### [Problem description]
Two lines mark the range in the entries below: the one holding "## Routing (per" and the one holding "A4: length 225.5". Set down those two and all lines between them, exactly.

### [Extracted records]
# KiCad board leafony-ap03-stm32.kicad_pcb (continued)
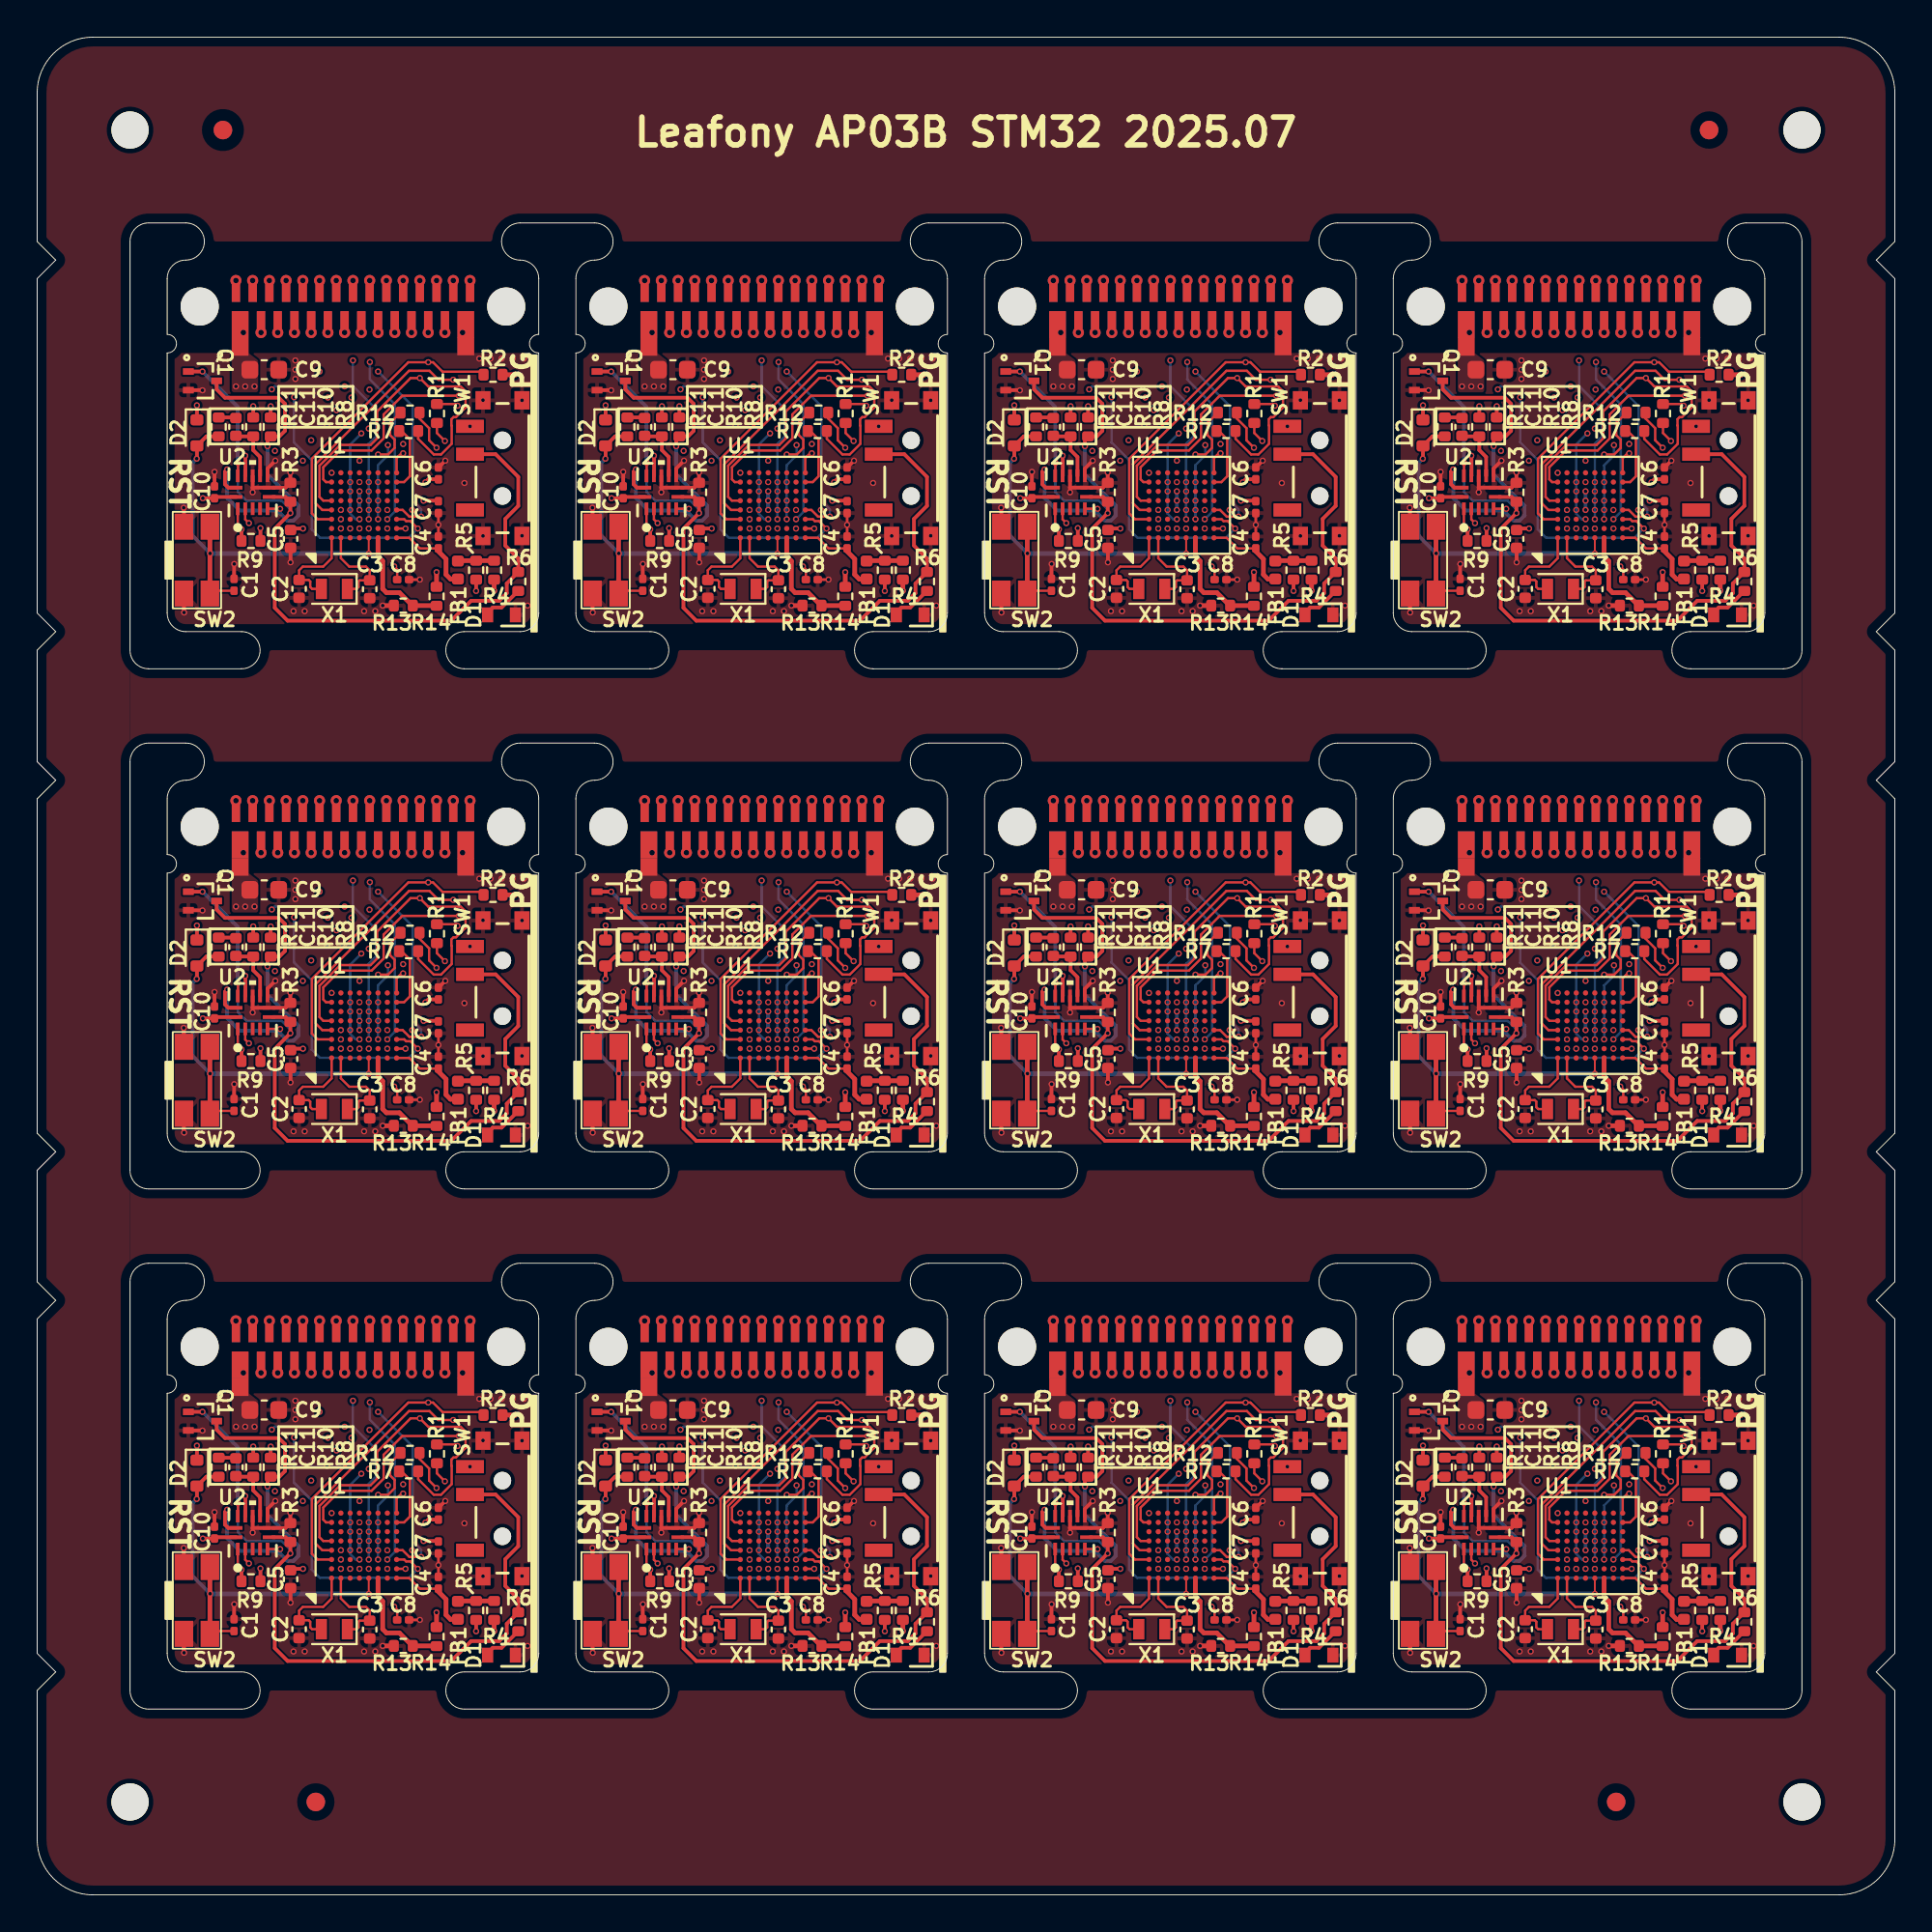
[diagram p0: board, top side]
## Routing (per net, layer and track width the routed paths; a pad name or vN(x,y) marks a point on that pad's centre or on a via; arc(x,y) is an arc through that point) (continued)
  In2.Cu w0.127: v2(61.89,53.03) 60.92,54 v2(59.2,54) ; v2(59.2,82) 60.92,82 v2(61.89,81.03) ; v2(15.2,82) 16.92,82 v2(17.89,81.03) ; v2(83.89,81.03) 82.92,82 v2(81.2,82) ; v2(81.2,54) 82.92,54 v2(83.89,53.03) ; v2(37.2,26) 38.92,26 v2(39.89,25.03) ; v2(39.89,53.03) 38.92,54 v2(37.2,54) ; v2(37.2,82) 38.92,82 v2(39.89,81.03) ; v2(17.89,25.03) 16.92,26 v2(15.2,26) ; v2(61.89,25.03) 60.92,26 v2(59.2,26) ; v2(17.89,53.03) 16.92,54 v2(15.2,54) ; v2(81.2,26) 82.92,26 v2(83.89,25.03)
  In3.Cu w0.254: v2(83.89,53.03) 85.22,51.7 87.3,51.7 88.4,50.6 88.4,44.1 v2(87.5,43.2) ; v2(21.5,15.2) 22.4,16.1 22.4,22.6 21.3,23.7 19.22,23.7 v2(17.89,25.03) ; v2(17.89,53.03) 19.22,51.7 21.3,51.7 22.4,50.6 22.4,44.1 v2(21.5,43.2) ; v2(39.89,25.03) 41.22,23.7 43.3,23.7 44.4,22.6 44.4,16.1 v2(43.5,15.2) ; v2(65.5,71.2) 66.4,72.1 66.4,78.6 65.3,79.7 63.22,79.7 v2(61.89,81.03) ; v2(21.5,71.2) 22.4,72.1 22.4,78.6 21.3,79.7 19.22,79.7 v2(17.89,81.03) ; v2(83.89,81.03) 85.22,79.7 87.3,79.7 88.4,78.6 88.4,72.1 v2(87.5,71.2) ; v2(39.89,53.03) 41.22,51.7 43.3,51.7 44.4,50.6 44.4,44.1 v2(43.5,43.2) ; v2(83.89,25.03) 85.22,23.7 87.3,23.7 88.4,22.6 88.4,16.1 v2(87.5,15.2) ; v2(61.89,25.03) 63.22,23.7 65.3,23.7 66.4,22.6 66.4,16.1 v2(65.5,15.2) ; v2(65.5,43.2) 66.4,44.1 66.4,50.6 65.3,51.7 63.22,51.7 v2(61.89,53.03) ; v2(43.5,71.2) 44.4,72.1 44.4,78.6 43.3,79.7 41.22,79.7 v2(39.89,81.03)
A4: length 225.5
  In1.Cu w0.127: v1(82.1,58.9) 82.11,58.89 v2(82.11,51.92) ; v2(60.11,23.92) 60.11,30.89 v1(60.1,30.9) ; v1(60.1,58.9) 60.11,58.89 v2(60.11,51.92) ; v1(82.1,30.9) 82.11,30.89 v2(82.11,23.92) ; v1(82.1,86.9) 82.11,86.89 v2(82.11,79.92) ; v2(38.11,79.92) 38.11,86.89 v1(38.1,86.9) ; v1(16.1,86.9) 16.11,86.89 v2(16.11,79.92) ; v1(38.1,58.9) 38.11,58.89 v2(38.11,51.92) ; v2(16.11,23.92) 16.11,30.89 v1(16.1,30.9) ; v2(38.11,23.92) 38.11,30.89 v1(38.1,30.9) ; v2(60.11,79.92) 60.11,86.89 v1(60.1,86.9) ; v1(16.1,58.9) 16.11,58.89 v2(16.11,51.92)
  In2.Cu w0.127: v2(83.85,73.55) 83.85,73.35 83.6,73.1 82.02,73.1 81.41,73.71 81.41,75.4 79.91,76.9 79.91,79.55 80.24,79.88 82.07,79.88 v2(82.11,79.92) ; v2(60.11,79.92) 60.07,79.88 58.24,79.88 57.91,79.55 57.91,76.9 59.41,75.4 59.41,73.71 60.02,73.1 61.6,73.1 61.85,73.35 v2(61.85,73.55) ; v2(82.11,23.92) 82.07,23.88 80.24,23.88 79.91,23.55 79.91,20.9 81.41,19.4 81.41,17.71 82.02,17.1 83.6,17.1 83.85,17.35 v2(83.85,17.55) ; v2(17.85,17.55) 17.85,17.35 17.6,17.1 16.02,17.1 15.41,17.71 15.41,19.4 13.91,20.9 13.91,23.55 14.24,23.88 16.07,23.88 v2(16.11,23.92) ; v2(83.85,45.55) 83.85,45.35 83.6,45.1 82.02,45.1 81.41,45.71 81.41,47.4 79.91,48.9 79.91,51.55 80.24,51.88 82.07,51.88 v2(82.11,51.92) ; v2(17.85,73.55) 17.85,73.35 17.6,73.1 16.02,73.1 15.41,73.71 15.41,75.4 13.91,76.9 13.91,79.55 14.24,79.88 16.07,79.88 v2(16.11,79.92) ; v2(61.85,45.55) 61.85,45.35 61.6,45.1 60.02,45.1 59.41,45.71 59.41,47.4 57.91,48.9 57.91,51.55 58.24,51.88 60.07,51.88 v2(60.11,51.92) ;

### [Output of the task]
## Routing (per net, layer and track width the routed paths; a pad name or vN(x,y) marks a point on that pad's centre or on a via; arc(x,y) is an arc through that point) (continued)
  In2.Cu w0.127: v2(61.89,53.03) 60.92,54 v2(59.2,54) ; v2(59.2,82) 60.92,82 v2(61.89,81.03) ; v2(15.2,82) 16.92,82 v2(17.89,81.03) ; v2(83.89,81.03) 82.92,82 v2(81.2,82) ; v2(81.2,54) 82.92,54 v2(83.89,53.03) ; v2(37.2,26) 38.92,26 v2(39.89,25.03) ; v2(39.89,53.03) 38.92,54 v2(37.2,54) ; v2(37.2,82) 38.92,82 v2(39.89,81.03) ; v2(17.89,25.03) 16.92,26 v2(15.2,26) ; v2(61.89,25.03) 60.92,26 v2(59.2,26) ; v2(17.89,53.03) 16.92,54 v2(15.2,54) ; v2(81.2,26) 82.92,26 v2(83.89,25.03)
  In3.Cu w0.254: v2(83.89,53.03) 85.22,51.7 87.3,51.7 88.4,50.6 88.4,44.1 v2(87.5,43.2) ; v2(21.5,15.2) 22.4,16.1 22.4,22.6 21.3,23.7 19.22,23.7 v2(17.89,25.03) ; v2(17.89,53.03) 19.22,51.7 21.3,51.7 22.4,50.6 22.4,44.1 v2(21.5,43.2) ; v2(39.89,25.03) 41.22,23.7 43.3,23.7 44.4,22.6 44.4,16.1 v2(43.5,15.2) ; v2(65.5,71.2) 66.4,72.1 66.4,78.6 65.3,79.7 63.22,79.7 v2(61.89,81.03) ; v2(21.5,71.2) 22.4,72.1 22.4,78.6 21.3,79.7 19.22,79.7 v2(17.89,81.03) ; v2(83.89,81.03) 85.22,79.7 87.3,79.7 88.4,78.6 88.4,72.1 v2(87.5,71.2) ; v2(39.89,53.03) 41.22,51.7 43.3,51.7 44.4,50.6 44.4,44.1 v2(43.5,43.2) ; v2(83.89,25.03) 85.22,23.7 87.3,23.7 88.4,22.6 88.4,16.1 v2(87.5,15.2) ; v2(61.89,25.03) 63.22,23.7 65.3,23.7 66.4,22.6 66.4,16.1 v2(65.5,15.2) ; v2(65.5,43.2) 66.4,44.1 66.4,50.6 65.3,51.7 63.22,51.7 v2(61.89,53.03) ; v2(43.5,71.2) 44.4,72.1 44.4,78.6 43.3,79.7 41.22,79.7 v2(39.89,81.03)
A4: length 225.5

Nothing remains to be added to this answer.